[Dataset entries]
· · · · · · ·

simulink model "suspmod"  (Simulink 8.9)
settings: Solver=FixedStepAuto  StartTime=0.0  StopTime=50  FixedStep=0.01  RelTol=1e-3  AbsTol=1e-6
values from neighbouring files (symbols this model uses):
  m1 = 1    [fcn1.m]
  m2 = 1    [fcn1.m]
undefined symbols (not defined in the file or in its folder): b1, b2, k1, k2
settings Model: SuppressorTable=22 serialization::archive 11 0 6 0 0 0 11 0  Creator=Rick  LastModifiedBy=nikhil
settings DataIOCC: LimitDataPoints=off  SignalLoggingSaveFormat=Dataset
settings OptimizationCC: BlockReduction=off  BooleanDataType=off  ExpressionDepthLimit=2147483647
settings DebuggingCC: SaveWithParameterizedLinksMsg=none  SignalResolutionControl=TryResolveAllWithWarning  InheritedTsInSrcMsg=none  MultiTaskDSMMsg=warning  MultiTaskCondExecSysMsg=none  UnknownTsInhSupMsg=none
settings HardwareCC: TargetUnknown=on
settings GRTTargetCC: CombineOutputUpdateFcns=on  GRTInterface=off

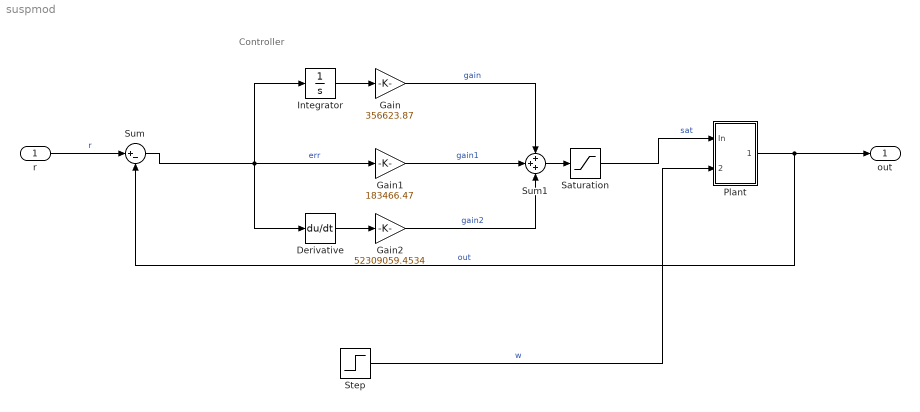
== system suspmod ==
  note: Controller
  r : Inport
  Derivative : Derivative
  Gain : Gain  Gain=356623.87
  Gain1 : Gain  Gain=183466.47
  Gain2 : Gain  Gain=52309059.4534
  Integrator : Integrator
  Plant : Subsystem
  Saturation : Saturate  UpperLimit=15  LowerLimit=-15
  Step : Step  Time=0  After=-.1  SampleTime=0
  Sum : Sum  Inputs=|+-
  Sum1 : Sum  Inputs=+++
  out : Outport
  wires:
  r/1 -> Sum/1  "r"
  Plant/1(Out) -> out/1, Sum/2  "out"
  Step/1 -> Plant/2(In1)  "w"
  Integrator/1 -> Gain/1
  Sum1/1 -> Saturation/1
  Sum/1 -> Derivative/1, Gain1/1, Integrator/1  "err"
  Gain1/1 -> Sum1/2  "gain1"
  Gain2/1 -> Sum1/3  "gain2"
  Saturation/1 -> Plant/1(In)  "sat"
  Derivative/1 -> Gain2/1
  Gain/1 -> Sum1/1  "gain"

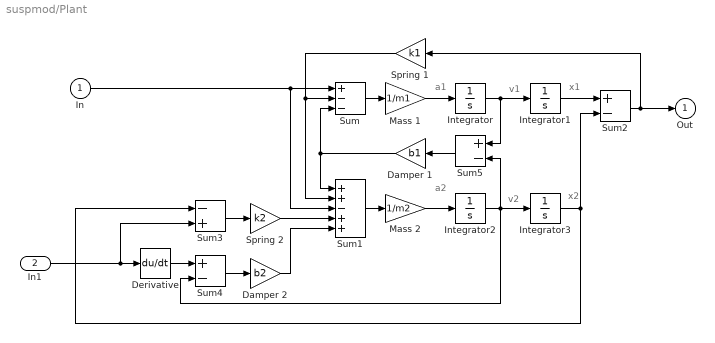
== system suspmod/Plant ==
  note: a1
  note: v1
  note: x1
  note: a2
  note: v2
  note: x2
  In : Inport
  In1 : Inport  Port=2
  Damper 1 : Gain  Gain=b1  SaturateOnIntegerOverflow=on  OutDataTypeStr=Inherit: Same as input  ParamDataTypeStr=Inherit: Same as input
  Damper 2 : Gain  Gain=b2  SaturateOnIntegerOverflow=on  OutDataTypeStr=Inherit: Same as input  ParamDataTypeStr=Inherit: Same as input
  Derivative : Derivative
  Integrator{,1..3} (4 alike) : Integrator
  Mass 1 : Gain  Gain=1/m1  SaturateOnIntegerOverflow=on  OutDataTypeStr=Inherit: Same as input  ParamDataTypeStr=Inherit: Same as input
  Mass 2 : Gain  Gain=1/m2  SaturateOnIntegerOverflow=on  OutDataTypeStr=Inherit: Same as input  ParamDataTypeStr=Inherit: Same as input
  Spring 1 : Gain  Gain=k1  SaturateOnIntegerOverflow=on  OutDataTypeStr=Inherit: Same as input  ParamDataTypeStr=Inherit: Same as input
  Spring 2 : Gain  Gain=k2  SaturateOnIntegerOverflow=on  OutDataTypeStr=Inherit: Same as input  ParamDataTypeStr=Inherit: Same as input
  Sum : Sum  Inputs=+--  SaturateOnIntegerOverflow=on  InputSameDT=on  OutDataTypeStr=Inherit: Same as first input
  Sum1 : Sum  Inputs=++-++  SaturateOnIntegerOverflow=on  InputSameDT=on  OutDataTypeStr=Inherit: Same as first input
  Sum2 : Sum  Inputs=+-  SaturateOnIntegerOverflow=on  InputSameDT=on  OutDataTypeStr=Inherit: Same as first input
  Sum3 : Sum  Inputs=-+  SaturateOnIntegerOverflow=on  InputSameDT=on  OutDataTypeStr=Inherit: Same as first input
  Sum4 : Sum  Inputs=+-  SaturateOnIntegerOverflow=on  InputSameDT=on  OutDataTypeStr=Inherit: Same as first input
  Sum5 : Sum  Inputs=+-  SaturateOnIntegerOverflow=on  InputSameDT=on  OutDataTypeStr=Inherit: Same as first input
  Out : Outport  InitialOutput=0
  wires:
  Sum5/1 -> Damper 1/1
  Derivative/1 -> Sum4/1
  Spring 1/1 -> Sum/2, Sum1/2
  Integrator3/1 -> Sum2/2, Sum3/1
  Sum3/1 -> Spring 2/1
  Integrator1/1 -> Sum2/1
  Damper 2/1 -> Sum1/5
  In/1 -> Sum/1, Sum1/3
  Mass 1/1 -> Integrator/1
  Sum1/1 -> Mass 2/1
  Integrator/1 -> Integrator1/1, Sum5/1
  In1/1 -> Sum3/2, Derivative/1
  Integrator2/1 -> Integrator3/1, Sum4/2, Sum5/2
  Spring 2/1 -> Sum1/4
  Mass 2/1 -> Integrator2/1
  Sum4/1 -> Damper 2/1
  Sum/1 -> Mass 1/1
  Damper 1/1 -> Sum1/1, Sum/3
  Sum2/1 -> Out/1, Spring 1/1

· · · · · · ·

__Work request__
The stretch to restate runs from the line above containing "Step/1 -> Plant/2(In1)" through the line containing "Mass 1 : Gain". Copy it word for word, ends included, without pictures.

__Solution to this problem__
  Step/1 -> Plant/2(In1)  "w"
  Integrator/1 -> Gain/1
  Sum1/1 -> Saturation/1
  Sum/1 -> Derivative/1, Gain1/1, Integrator/1  "err"
  Gain1/1 -> Sum1/2  "gain1"
  Gain2/1 -> Sum1/3  "gain2"
  Saturation/1 -> Plant/1(In)  "sat"
  Derivative/1 -> Gain2/1
  Gain/1 -> Sum1/1  "gain"

== system suspmod/Plant ==
  note: a1
  note: v1
  note: x1
  note: a2
  note: v2
  note: x2
  In : Inport
  In1 : Inport  Port=2
  Damper 1 : Gain  Gain=b1  SaturateOnIntegerOverflow=on  OutDataTypeStr=Inherit: Same as input  ParamDataTypeStr=Inherit: Same as input
  Damper 2 : Gain  Gain=b2  SaturateOnIntegerOverflow=on  OutDataTypeStr=Inherit: Same as input  ParamDataTypeStr=Inherit: Same as input
  Derivative : Derivative
  Integrator{,1..3} (4 alike) : Integrator
  Mass 1 : Gain  Gain=1/m1  SaturateOnIntegerOverflow=on  OutDataTypeStr=Inherit: Same as input  ParamDataTypeStr=Inherit: Same as input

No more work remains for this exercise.